Assuming that the vaccine remains safe and immunity lasts, today can be seen as the start of a long ending to the pandemic. Exactly how long this ending will last depends on overcoming some enormous hurdles and open questions. Jason Schwartz, who studies vaccine development at Yale School of Public Health, told me that the progress so far is “as close to a best-case scenario as we could have hoped for when vaccine research began earlier this year.” Even so, he says, “the challenges of the vaccination program that will begin in the next few days are every bit as significant as the scientific challenges that had to be overcome to develop vaccines so quickly. It’s likely to be a very bumpy road in the months ahead.”

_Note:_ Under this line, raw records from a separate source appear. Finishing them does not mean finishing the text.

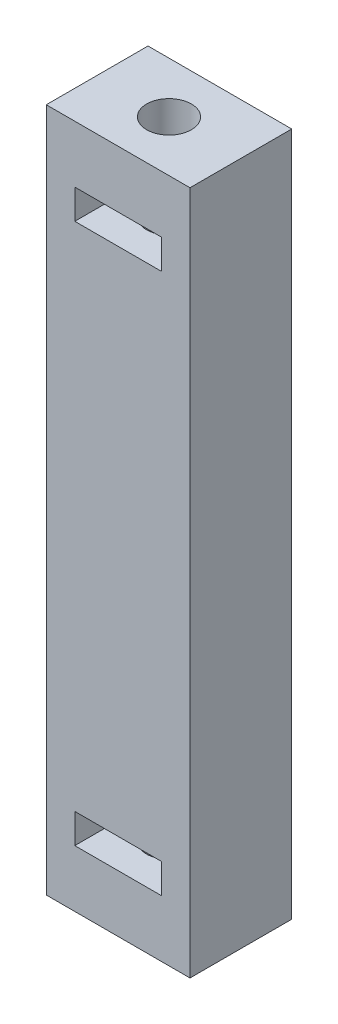
ISO-10303-21;
HEADER;
FILE_DESCRIPTION(('STEP AP214'),'2;1');
FILE_NAME('part.step','',(''),(''),'','','');
FILE_SCHEMA(('AUTOMOTIVE_DESIGN { 1 0 10303 214 1 1 1 1 }'));
ENDSEC;
DATA;
#1=APPLICATION_CONTEXT('core data for automotive mechanical design processes');
#2=APPLICATION_PROTOCOL_DEFINITION('international standard','automotive_design',2000,#1);
#3=PRODUCT_CONTEXT('',#1,'mechanical');
#4=PRODUCT('Part','Part','',(#3));
#5=PRODUCT_RELATED_PRODUCT_CATEGORY('part','',(#4));
#6=PRODUCT_DEFINITION_FORMATION('','',#4);
#7=PRODUCT_DEFINITION_CONTEXT('part definition',#1,'design');
#8=PRODUCT_DEFINITION('design','',#6,#7);
#9=PRODUCT_DEFINITION_SHAPE('','',#8);
#10=(LENGTH_UNIT() NAMED_UNIT(*) SI_UNIT(.MILLI.,.METRE.));
#11=(NAMED_UNIT(*) PLANE_ANGLE_UNIT() SI_UNIT($,.RADIAN.));
#12=(NAMED_UNIT(*) SI_UNIT($,.STERADIAN.) SOLID_ANGLE_UNIT());
#13=UNCERTAINTY_MEASURE_WITH_UNIT(LENGTH_MEASURE(1.E-05),#10,'distance_accuracy_value','');
#14=(GEOMETRIC_REPRESENTATION_CONTEXT(3) GLOBAL_UNCERTAINTY_ASSIGNED_CONTEXT((#13)) GLOBAL_UNIT_ASSIGNED_CONTEXT((#10,
#11,#12)) REPRESENTATION_CONTEXT('',''));
#15=CARTESIAN_POINT('',(0.,0.,0.));
#16=DIRECTION('',(0.,0.,1.));
#17=DIRECTION('',(1.,0.,0.));
#18=AXIS2_PLACEMENT_3D('',#15,#16,#17);
#19=CARTESIAN_POINT('',(0.,76.2,0.));
#20=DIRECTION('',(0.,1.,0.));
#21=DIRECTION('',(0.,0.,1.));
#22=AXIS2_PLACEMENT_3D('',#19,#20,#21);
#23=CYLINDRICAL_SURFACE('',#22,2.48919999999999);
#24=CARTESIAN_POINT('',(0.,69.85,0.));
#25=DIRECTION('',(0.,1.,0.));
#26=DIRECTION('',(0.,0.,1.));
#27=AXIS2_PLACEMENT_3D('',#24,#25,#26);
#28=CIRCLE('',#27,2.48919999999999);
#29=CARTESIAN_POINT('',(0.,69.85,2.48919999999999));
#30=VERTEX_POINT('',#29);
#31=EDGE_CURVE('E49',#30,#30,#28,.F.);
#32=ORIENTED_EDGE('',*,*,#31,.T.);
#33=EDGE_LOOP('',(#32));
#34=FACE_BOUND('',#33,.T.);
#35=CARTESIAN_POINT('',(0.,76.2,0.));
#36=DIRECTION('',(0.,1.,0.));
#37=DIRECTION('',(0.,0.,1.));
#38=AXIS2_PLACEMENT_3D('',#35,#36,#37);
#39=CIRCLE('',#38,2.48919999999999);
#40=CARTESIAN_POINT('',(0.,76.2,2.48919999999999));
#41=VERTEX_POINT('',#40);
#42=EDGE_CURVE('E247',#41,#41,#39,.T.);
#43=ORIENTED_EDGE('',*,*,#42,.T.);
#44=EDGE_LOOP('',(#43));
#45=FACE_BOUND('',#44,.T.);
#46=ADVANCED_FACE('F45',(#34,#45),#23,.F.);
#47=CARTESIAN_POINT('',(-8.001,76.2,-5.6642));
#48=DIRECTION('',(1.,0.,0.));
#49=DIRECTION('',(0.,0.,-1.));
#50=AXIS2_PLACEMENT_3D('',#47,#48,#49);
#51=PLANE('',#50);
#52=DIRECTION('',(0.,0.,1.));
#53=VECTOR('',#52,1.);
#54=CARTESIAN_POINT('',(-8.001,0.,-5.6642));
#55=LINE('',#54,#53);
#56=CARTESIAN_POINT('',(-8.001,0.,-5.6642));
#57=VERTEX_POINT('',#56);
#58=CARTESIAN_POINT('',(-8.001,0.,5.6642));
#59=VERTEX_POINT('',#58);
#60=EDGE_CURVE('E255',#57,#59,#55,.T.);
#61=ORIENTED_EDGE('',*,*,#60,.T.);
#62=DIRECTION('',(0.,-1.,0.));
#63=VECTOR('',#62,1.);
#64=CARTESIAN_POINT('',(-8.001,76.2,5.6642));
#65=LINE('',#64,#63);
#66=CARTESIAN_POINT('',(-8.001,76.2,5.6642));
#67=VERTEX_POINT('',#66);
#68=EDGE_CURVE('E11',#67,#59,#65,.T.);
#69=ORIENTED_EDGE('',*,*,#68,.F.);
#70=DIRECTION('',(0.,0.,1.));
#71=VECTOR('',#70,1.);
#72=CARTESIAN_POINT('',(-8.001,76.2,-5.6642));
#73=LINE('',#72,#71);
#74=CARTESIAN_POINT('',(-8.001,76.2,-5.6642));
#75=VERTEX_POINT('',#74);
#76=EDGE_CURVE('E256',#75,#67,#73,.T.);
#77=ORIENTED_EDGE('',*,*,#76,.F.);
#78=DIRECTION('',(0.,-1.,0.));
#79=VECTOR('',#78,1.);
#80=CARTESIAN_POINT('',(-8.001,76.2,-5.6642));
#81=LINE('',#80,#79);
#82=EDGE_CURVE('E270',#75,#57,#81,.T.);
#83=ORIENTED_EDGE('',*,*,#82,.T.);
#84=EDGE_LOOP('',(#61,#69,#77,#83));
#85=FACE_BOUND('',#84,.T.);
#86=ADVANCED_FACE('F47',(#85),#51,.F.);
#87=CARTESIAN_POINT('',(-8.001,76.2,5.6642));
#88=DIRECTION('',(0.,0.,-1.));
#89=DIRECTION('',(-1.,0.,0.));
#90=AXIS2_PLACEMENT_3D('',#87,#88,#89);
#91=PLANE('',#90);
#92=DIRECTION('',(1.,0.,0.));
#93=VECTOR('',#92,1.);
#94=CARTESIAN_POINT('',(-8.001,9.65200000000002,5.6642));
#95=LINE('',#94,#93);
#96=CARTESIAN_POINT('',(-4.82599999999999,9.652,5.66420000000002));
#97=VERTEX_POINT('',#96);
#98=CARTESIAN_POINT('',(4.82599999999999,9.652,5.66420000000002));
#99=VERTEX_POINT('',#98);
#100=EDGE_CURVE('E212',#97,#99,#95,.T.);
#101=ORIENTED_EDGE('',*,*,#100,.T.);
#102=DIRECTION('',(0.,-1.,0.));
#103=VECTOR('',#102,1.);
#104=CARTESIAN_POINT('',(4.82599999999999,76.2,5.6642));
#105=LINE('',#104,#103);
#106=CARTESIAN_POINT('',(4.82599999999999,6.35,5.66420000000002));
#107=VERTEX_POINT('',#106);
#108=EDGE_CURVE('E235',#99,#107,#105,.T.);
#109=ORIENTED_EDGE('',*,*,#108,.T.);
#110=DIRECTION('',(-1.,0.,0.));
#111=VECTOR('',#110,1.);
#112=CARTESIAN_POINT('',(-8.001,6.35000000000001,5.6642));
#113=LINE('',#112,#111);
#114=CARTESIAN_POINT('',(-4.82599999999999,6.35000000000001,5.6642));
#115=VERTEX_POINT('',#114);
#116=EDGE_CURVE('E208',#107,#115,#113,.T.);
#117=ORIENTED_EDGE('',*,*,#116,.T.);
#118=DIRECTION('',(0.,1.,0.));
#119=VECTOR('',#118,1.);
#120=CARTESIAN_POINT('',(-4.82599999999999,76.2,5.6642));
#121=LINE('',#120,#119);
#122=EDGE_CURVE('E148',#115,#97,#121,.T.);
#123=ORIENTED_EDGE('',*,*,#122,.T.);
#124=EDGE_LOOP('',(#101,#109,#117,#123));
#125=FACE_BOUND('',#124,.T.);
#126=DIRECTION('',(1.,0.,0.));
#127=VECTOR('',#126,1.);
#128=CARTESIAN_POINT('',(-8.001,69.85,5.6642));
#129=LINE('',#128,#127);
#130=CARTESIAN_POINT('',(-4.826,69.85,5.66420000000002));
#131=VERTEX_POINT('',#130);
#132=CARTESIAN_POINT('',(4.826,69.85,5.66420000000002));
#133=VERTEX_POINT('',#132);
#134=EDGE_CURVE('E221',#131,#133,#129,.T.);
#135=ORIENTED_EDGE('',*,*,#134,.T.);
#136=DIRECTION('',(0.,-1.,0.));
#137=VECTOR('',#136,1.);
#138=CARTESIAN_POINT('',(4.826,76.2,5.6642));
#139=LINE('',#138,#137);
#140=CARTESIAN_POINT('',(4.826,66.548,5.66420000000002));
#141=VERTEX_POINT('',#140);
#142=EDGE_CURVE('E229',#133,#141,#139,.T.);
#143=ORIENTED_EDGE('',*,*,#142,.T.);
#144=DIRECTION('',(-1.,0.,0.));
#145=VECTOR('',#144,1.);
#146=CARTESIAN_POINT('',(-8.001,66.548,5.6642));
#147=LINE('',#146,#145);
#148=CARTESIAN_POINT('',(-4.826,66.548,5.6642));
#149=VERTEX_POINT('',#148);
#150=EDGE_CURVE('E217',#141,#149,#147,.T.);
#151=ORIENTED_EDGE('',*,*,#150,.T.);
#152=DIRECTION('',(0.,1.,0.));
#153=VECTOR('',#152,1.);
#154=CARTESIAN_POINT('',(-4.826,76.2,5.6642));
#155=LINE('',#154,#153);
#156=EDGE_CURVE('E225',#149,#131,#155,.T.);
#157=ORIENTED_EDGE('',*,*,#156,.T.);
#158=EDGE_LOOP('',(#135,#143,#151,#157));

The central goal of public-health officials in that period will be to carefully and transparently earn the public’s trust. The vaccine’s effectiveness ultimately depends on how many Americans use it, and skepticism has been widespread. In September, a poll found that 62 percent of Americans were concerned that the Trump administration was hurrying the FDA to approve a vaccine. Certain fears about politics undermining science have been justified during the pandemic, as when the FDA issued an emergency-use authorization for the drug hydroxychloroquine as a treatment for COVID-19, then subsequently revoked it because of lack of evidence. Vaccine anxieties could be assuaged gradually as doctors and nurses demonstrate their confidence by getting vaccinated, along with prominent public figures such as, ideally, Joe Biden and Donald Trump. (Trump has taken credit for the Pfizer vaccine, but it was developed outside his Operation Warp Speed program. The company opted to remain independent, with the stated goal of minimizing any potential for distrust due to politicization.)

Still, many legitimate questions do remain unanswered. One key unknown is whether the vaccine prevents infection or simply prevents symptoms of infection; in other words, it’s possible that people can still be contagious despite having been vaccinated. Other questions include any potential effect of age, pregnancy, chronic conditions, or prior infection on the vaccine’s safety and efficacy. The FDA and Pfizer will evaluate these questions on an ongoing basis, and additional studies are planned to test the vaccine in children and pregnant women.

Meanwhile, it’s unclear how Pfizer’s ongoing clinical trial — which involved giving some participants a placebo instead of the vaccine — can ethically continue once a treatment has been deemed effective. Continuing the placebo-controlled clinical trials benefits the population, but may mean creating risk for individuals involved. Already experts are grappling with whether people who received the placebo should be given the vaccine. “It’s a moral dilemma,” Steven Goodman, an epidemiology professor at Stanford University, told the panel, “a choice between two right actions.”

Ultimately, no single authorization will create public confidence; trust must consistently be earned through transparency, as well as equitable distribution of the vaccine. Nor, for that matter, will any single vaccine end the pandemic. Despite months of preparation to develop a cold chain to deliver the vaccine, Pfizer said this week that additional vaccine doses beyond the first 100 million may not be available in the U.S. until the summer. That would mean 50 million Americans — only 15 percent of the population — could be vaccinated with the Pfizer vaccine in the next six months, not nearly enough to end the pandemic.

But viewed as one tool in an arsenal to beat this virus, vaccines have the power to effectively help end the pandemic within a year. Next week, the same FDA process will evaluate — and likely authorize — a vaccine from the pharmaceutical company Moderna. The cumulative effect of these and other vaccines, in addition to the vital behavioral measures and social supports that are proven to prevent the spread of the virus, will save hundreds of thousands of lives. With enough effort and cooperation, the holidays next year could feel almost like normal. The exact timeline — and how much hardship we endure in the interim — is up to us.